Start of DATA TO USE
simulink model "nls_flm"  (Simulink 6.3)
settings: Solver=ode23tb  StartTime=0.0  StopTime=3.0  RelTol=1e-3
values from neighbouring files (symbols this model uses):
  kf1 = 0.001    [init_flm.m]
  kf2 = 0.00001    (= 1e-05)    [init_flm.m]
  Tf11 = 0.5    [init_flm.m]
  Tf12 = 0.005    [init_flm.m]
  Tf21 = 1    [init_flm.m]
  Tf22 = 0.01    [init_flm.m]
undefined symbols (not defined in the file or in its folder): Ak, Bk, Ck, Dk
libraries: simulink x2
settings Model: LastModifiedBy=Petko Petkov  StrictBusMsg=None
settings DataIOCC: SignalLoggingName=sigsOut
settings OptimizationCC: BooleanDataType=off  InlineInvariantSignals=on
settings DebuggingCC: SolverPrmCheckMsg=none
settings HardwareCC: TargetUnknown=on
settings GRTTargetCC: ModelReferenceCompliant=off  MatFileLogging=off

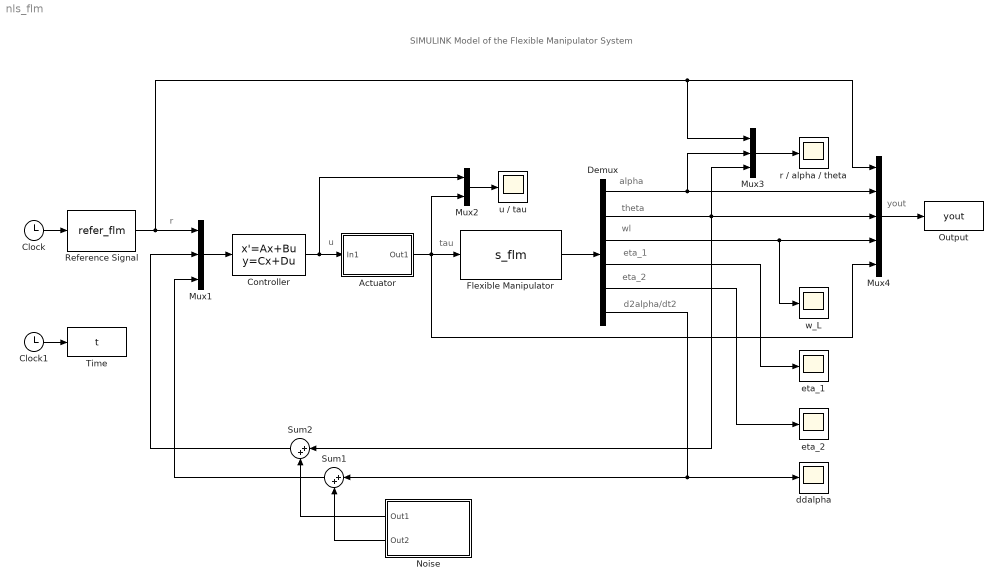
== system nls_flm ==
  note: SIMULINK Model of the Flexible Manipulator System
  note: alpha
  note: yout
  note: tau
  note: u
  note: r
  note: theta
  note: wl
  note: eta_1
  note: eta_2
  note: d2alpha/dt2
  Actuator : Subsystem
  Clock : Clock
  Clock1 : Clock
      settings: Decimation=10
  Controller : StateSpace  A=Ak  B=Bk  C=Ck  D=Dk
  Demux : Demux  Outputs=6
  Flexible Manipulator : S-Function  FunctionName=s_flm
  Mux1 : Mux  Inputs=3
  Mux2 : Mux  Inputs=2
  Mux3 : Mux  Inputs=3
  Mux4 : Mux  Inputs=5
  Noise : Subsystem  Orientation=left
  Output : ToWorkspace  VariableName=yout  SampleTime=-1  SaveFormat=Array
  Reference Signal : S-Function  FunctionName=refer_flm
  Sum1 : Sum  Orientation=left  Inputs=|++  SaturateOnIntegerOverflow=on  InputSameDT=on
  Sum2 : Sum  Orientation=left  Inputs=|++  SaturateOnIntegerOverflow=on  InputSameDT=on
  Time : ToWorkspace  VariableName=t  SampleTime=-1  SaveFormat=Array
  ddalpha : Scope
      settings: YMin=-0.225  YMax=0.15  SaveName=ScopeData4  MaxDataPoints=10000
  eta_1 : Scope
      settings: YMin=-0.225  YMax=0.15  SaveName=ScopeData2  MaxDataPoints=10000
  eta_2 : Scope
      settings: YMin=-0.225  YMax=0.15  SaveName=ScopeData3  MaxDataPoints=10000
  r / alpha / theta : Scope
      settings: YMin=-0.025  YMax=0.275  SaveName=ScopeData6  MaxDataPoints=10000
  u / tau : Scope
      settings: YMin=-3.5  YMax=6  MaxDataPoints=10000
  w_L : Scope
      settings: YMin=-3.5e-005  YMax=4e-005  MaxDataPoints=10000
  wires:
  Flexible Manipulator/1 -> Demux/1
  Clock/1 -> Reference Signal/1
  Clock1/1 -> Time/1
  Mux2/1 -> u / tau/1
  Mux3/1 -> r / alpha / theta/1
  Mux4/1 -> Output/1
  Demux/1 -> Mux4/2, Mux3/2
  Reference Signal/1 -> Mux4/1, Mux3/1, Mux1/1
  Actuator/1(Out1) -> Flexible Manipulator/1, Mux2/2, Mux4/5
  Noise/1(Out1) -> Sum2/2
  Noise/2(Out2) -> Sum1/2
  Mux1/1 -> Controller/1
  Controller/1 -> Actuator/1(In1), Mux2/1
  Sum2/1 -> Mux1/2
  Sum1/1 -> Mux1/3
  Demux/2 -> Mux3/3, Mux4/3, Sum2/1
  Demux/6 -> Sum1/1, ddalpha/1
  Demux/3 -> Mux4/4, w_L/1
  Demux/4 -> eta_1/1
  Demux/5 -> eta_2/1

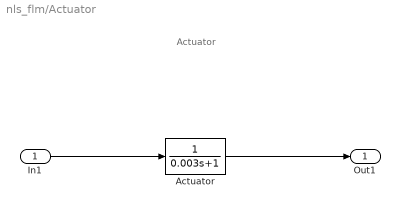
== system nls_flm/Actuator ==
  note: Actuator
  In1 : Inport
  Actuator : TransferFcn  Denominator="[0.003  1]"
  Out1 : Outport
  wires:
  In1/1 -> Actuator/1
  Actuator/1 -> Out1/1

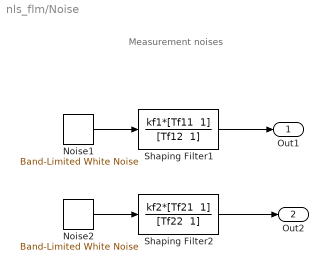
== system nls_flm/Noise ==
  note: Measurement noises
  Noise1 : simulink/Sources/Band-Limited White Noise  Cov=10^(-6)  Ts=0.2  seed=[23341]
  Noise2 : simulink/Sources/Band-Limited White Noise  Cov=10^(-6)  Ts=0.2  seed=[23341]
  Shaping Filter1 : TransferFcn  Numerator="kf1*[Tf11  1]"  Denominator="[Tf12  1]"
  Shaping Filter2 : TransferFcn  Numerator="kf2*[Tf21  1]"  Denominator="[Tf22  1]"
  Out1 : Outport
  Out2 : Outport  Port=2
  wires:
  Noise1/1 -> Shaping Filter1/1
  Shaping Filter1/1 -> Out1/1
  Noise2/1 -> Shaping Filter2/1
  Shaping Filter2/1 -> Out2/1
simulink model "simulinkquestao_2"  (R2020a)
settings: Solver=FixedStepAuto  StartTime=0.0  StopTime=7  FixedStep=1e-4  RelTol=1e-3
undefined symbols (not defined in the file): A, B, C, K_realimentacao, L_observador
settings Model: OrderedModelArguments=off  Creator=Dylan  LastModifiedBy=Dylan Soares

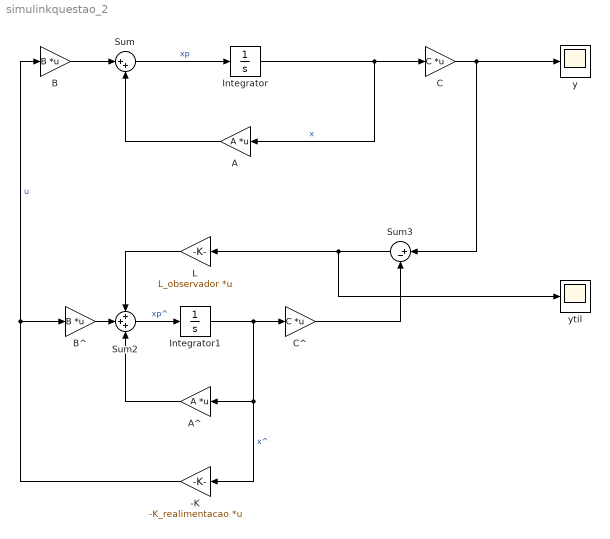
== system simulinkquestao_2 ==
  -K : Gain  Gain=-K_realimentacao  Multiplication=Matrix(K*u) (u vector)
  A : Gain  Gain=A  Multiplication=Matrix(K*u) (u vector)
  A^ : Gain  Gain=A  Multiplication=Matrix(K*u) (u vector)
  B : Gain  Gain=B  Multiplication=Matrix(K*u)
  B^ : Gain  Gain=B  Multiplication=Matrix(K*u)
  C : Gain  Gain=C  Multiplication=Matrix(K*u) (u vector)
  C^ : Gain  Gain=C  Multiplication=Matrix(K*u) (u vector)
  Integrator : Integrator  InitialCondition=[1,0,0,0]
  Integrator1 : Integrator  InitialCondition=[-1,0,0,0]
  L : Gain  Gain=L_observador  Multiplication=Matrix(K*u) (u vector)
  Sum : Sum  Inputs=|++
  Sum2 : Sum  Inputs=+++
  Sum3 : Sum  Inputs=|+-
  y : Scope
  ytil : Scope
  wires:
  A/1 -> Sum/2
  Integrator/1 -> C/1, A/1  "x"
  B/1 -> Sum/1
  Sum/1 -> Integrator/1  "xp"
  -K/1 -> B/1, B^/1  "u"
  Integrator1/1 -> -K/1, A^/1, C^/1  "x^"
  C^/1 -> Sum3/2
  Sum2/1 -> Integrator1/1  "xp^"
  C/1 -> y/1, Sum3/1
  A^/1 -> Sum2/3
  B^/1 -> Sum2/2
  L/1 -> Sum2/1
  Sum3/1 -> ytil/1, L/1
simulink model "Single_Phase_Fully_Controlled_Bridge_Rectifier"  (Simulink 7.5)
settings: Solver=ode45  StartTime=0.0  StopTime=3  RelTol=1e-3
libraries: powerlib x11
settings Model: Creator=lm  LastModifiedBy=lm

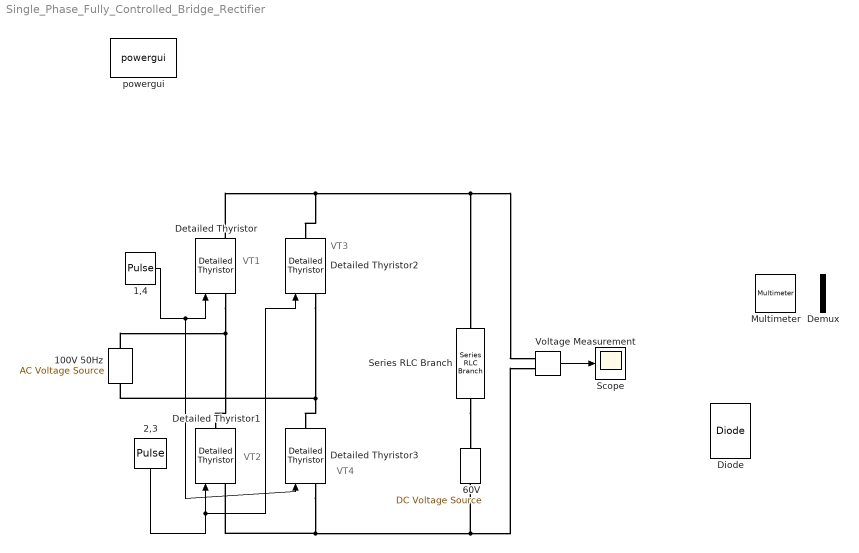
== system Single_Phase_Fully_Controlled_Bridge_Rectifier ==
  note: VT1
  note: VT3
  note: VT2
  note: VT4
  1,4 : DiscretePulseGenerator  PulseType=Time based  Amplitude=10  Period=0.02  PulseWidth=5  PhaseDelay=(2/12)*0.02  SampleTime=1
  100V 50Hz : powerlib/Electrical Sources/AC Voltage Source  DialogController=POWERSYS.PowerSysDialog  SystemSampleTime=-1  Amplitude=100*sqrt(2)  Phase=0  Frequency=50  SampleTime=0  Measurements=Voltage
  2,3 : DiscretePulseGenerator  PulseType=Time based  Amplitude=10  Period=0.02  PulseWidth=5  PhaseDelay=(2/12)*0.02+0.01  SampleTime=1
  60V : powerlib/Electrical Sources/DC Voltage Source  DialogController=POWERSYS.PowerSysDialog  SystemSampleTime=-1  Amplitude=60  Measurements=None
  Demux : Demux  Outputs=3
  Detailed Thyristor : powerlib/Power Electronics/Detailed Thyristor  DialogController=POWERSYS.PowerSysDialog  SystemSampleTime=-1  Ron=0.001  Lon=1e-3  Vf=0.8  IL=0.1  Tq=100e-6  IC=0  Rs=500  Cs=250e-9  Measurements=on
  Detailed Thyristor1 : powerlib/Power Electronics/Detailed Thyristor  DialogController=POWERSYS.PowerSysDialog  SystemSampleTime=-1  Ron=0.001  Lon=1e-3  Vf=0.8  IL=0.1  Tq=100e-6  IC=0  Rs=500  Cs=250e-9  Measurements=off
  Detailed Thyristor2 : powerlib/Power Electronics/Detailed Thyristor  DialogController=POWERSYS.PowerSysDialog  SystemSampleTime=-1  Ron=0.001  Lon=1e-3  Vf=0.8  IL=0.1  Tq=100e-6  IC=0  Rs=500  Cs=250e-9  Measurements=off
  Detailed Thyristor3 : powerlib/Power Electronics/Detailed Thyristor  DialogController=POWERSYS.PowerSysDialog  SystemSampleTime=-1  Ron=0.001  Lon=1e-3  Vf=0.8  IL=0.1  Tq=100e-6  IC=0  Rs=500  Cs=250e-9  Measurements=off
  Diode : powerlib/Power Electronics/Diode  DialogController=POWERSYS.PowerSysDialog  SystemSampleTime=-1  Ron=0.001  Lon=0  Vf=0.8  IC=0  UseSnubber=off  Rs=500  Cs=250e-9  Measurements=on
  Multimeter : powerlib/Measurements/Multimeter  SystemSampleTime=-1  PhasorSimulation=off  OutputType=Complex  sel=[2 1 3]  L=3  Gain=[1 1 1]  yselected={'Usrc: 100V 50Hz','Ub: Series RLC Branch','Ib: Series RLC Branch'};  PSBOutputType=1  PSBequivalent=0  AxesSetting=[0,0.1,-100,100]  Display=0  SavedBlockNames=-11
  Scope : Scope
      settings: TimeRange=0.06581979125379842  YMin=0  YMax=150
  Series RLC Branch : powerlib/Elements/Series RLC Branch  DialogController=POWERSYS.PowerSysDialog  PhysicalDomain=powersysdomain  SubClassName=unknown  LeftPortType=p1  RightPortType=p1  LConnTagsString=__new0  RConnTagsString=__new0  BranchType=R  Resistance=5  Inductance=1  SetiL0=off  InitialCurrent=0  Capacitance=1e-6  Setx0=off  InitialVoltage=0  Measurements=Branch voltage and current
  Voltage Measurement : powerlib/Measurements/Voltage Measurement  DialogController=POWERSYS.PowerSysDialog  SystemSampleTime=-1  PhasorSimulation=off  OutputType=Complex  PSBequivalent=0
  powergui : powerlib/powergui  Priority=1  SystemSampleTime=-1  SimulationMode=Discrete  SampleTime=50e-6  frequency=60  SPID=off  DisableSnubberDevices=off  DisableRonSwitches=off  DisableVfSwitches=off  SwTol=0  Interpol=off  frequencyindice=50  echomessages=off  HookPort=off  DisplayEquations=off  FunctionMessages=off  EnableUseOfTLC=off  x0status=blocks  RestoreLinks=warning  ResistiveCurrentMeasurement=off  Ylog=off  Xlog=on  ShowGrid=off  save=off  variable=ZData  ZoomFFT=off  StartTime=0.0  cycles=1  DisplayStyle=1  FreqAxis=off  MaxFrequency=1000  frequencyindicesteady=1  display=off  methode=off
  wires:
  1,4/1 -> Detailed Thyristor/1, Detailed Thyristor3/1
  2,3/1 -> Detailed Thyristor1/1, Detailed Thyristor2/1
  Voltage Measurement/1 -> Scope/1
  connections:
  Detailed Thyristor/LConn1 -- Detailed Thyristor1/RConn1 -- 100V 50Hz/RConn1
  Detailed Thyristor3/LConn1 -- Detailed Thyristor1/LConn1 -- 60V/LConn1 -- Voltage Measurement/LConn2
  Detailed Thyristor/RConn1 -- Detailed Thyristor2/RConn1 -- Series RLC Branch/LConn1 -- Voltage Measurement/LConn1
  Detailed Thyristor2/LConn1 -- Detailed Thyristor3/RConn1 -- 100V 50Hz/LConn1
  Series RLC Branch/RConn1 -- 60V/RConn1
End of DATA TO USE
ASSIGNED TASK:
Give back exactly the lines of the listing above that run from the line with "Clock1/1 -> Time/1" to the line with "Noise/2(Out2) -> Sum1/2", inclusive.

RESULT BELOW:
  Clock1/1 -> Time/1
  Mux2/1 -> u / tau/1
  Mux3/1 -> r / alpha / theta/1
  Mux4/1 -> Output/1
  Demux/1 -> Mux4/2, Mux3/2
  Reference Signal/1 -> Mux4/1, Mux3/1, Mux1/1
  Actuator/1(Out1) -> Flexible Manipulator/1, Mux2/2, Mux4/5
  Noise/1(Out1) -> Sum2/2
  Noise/2(Out2) -> Sum1/2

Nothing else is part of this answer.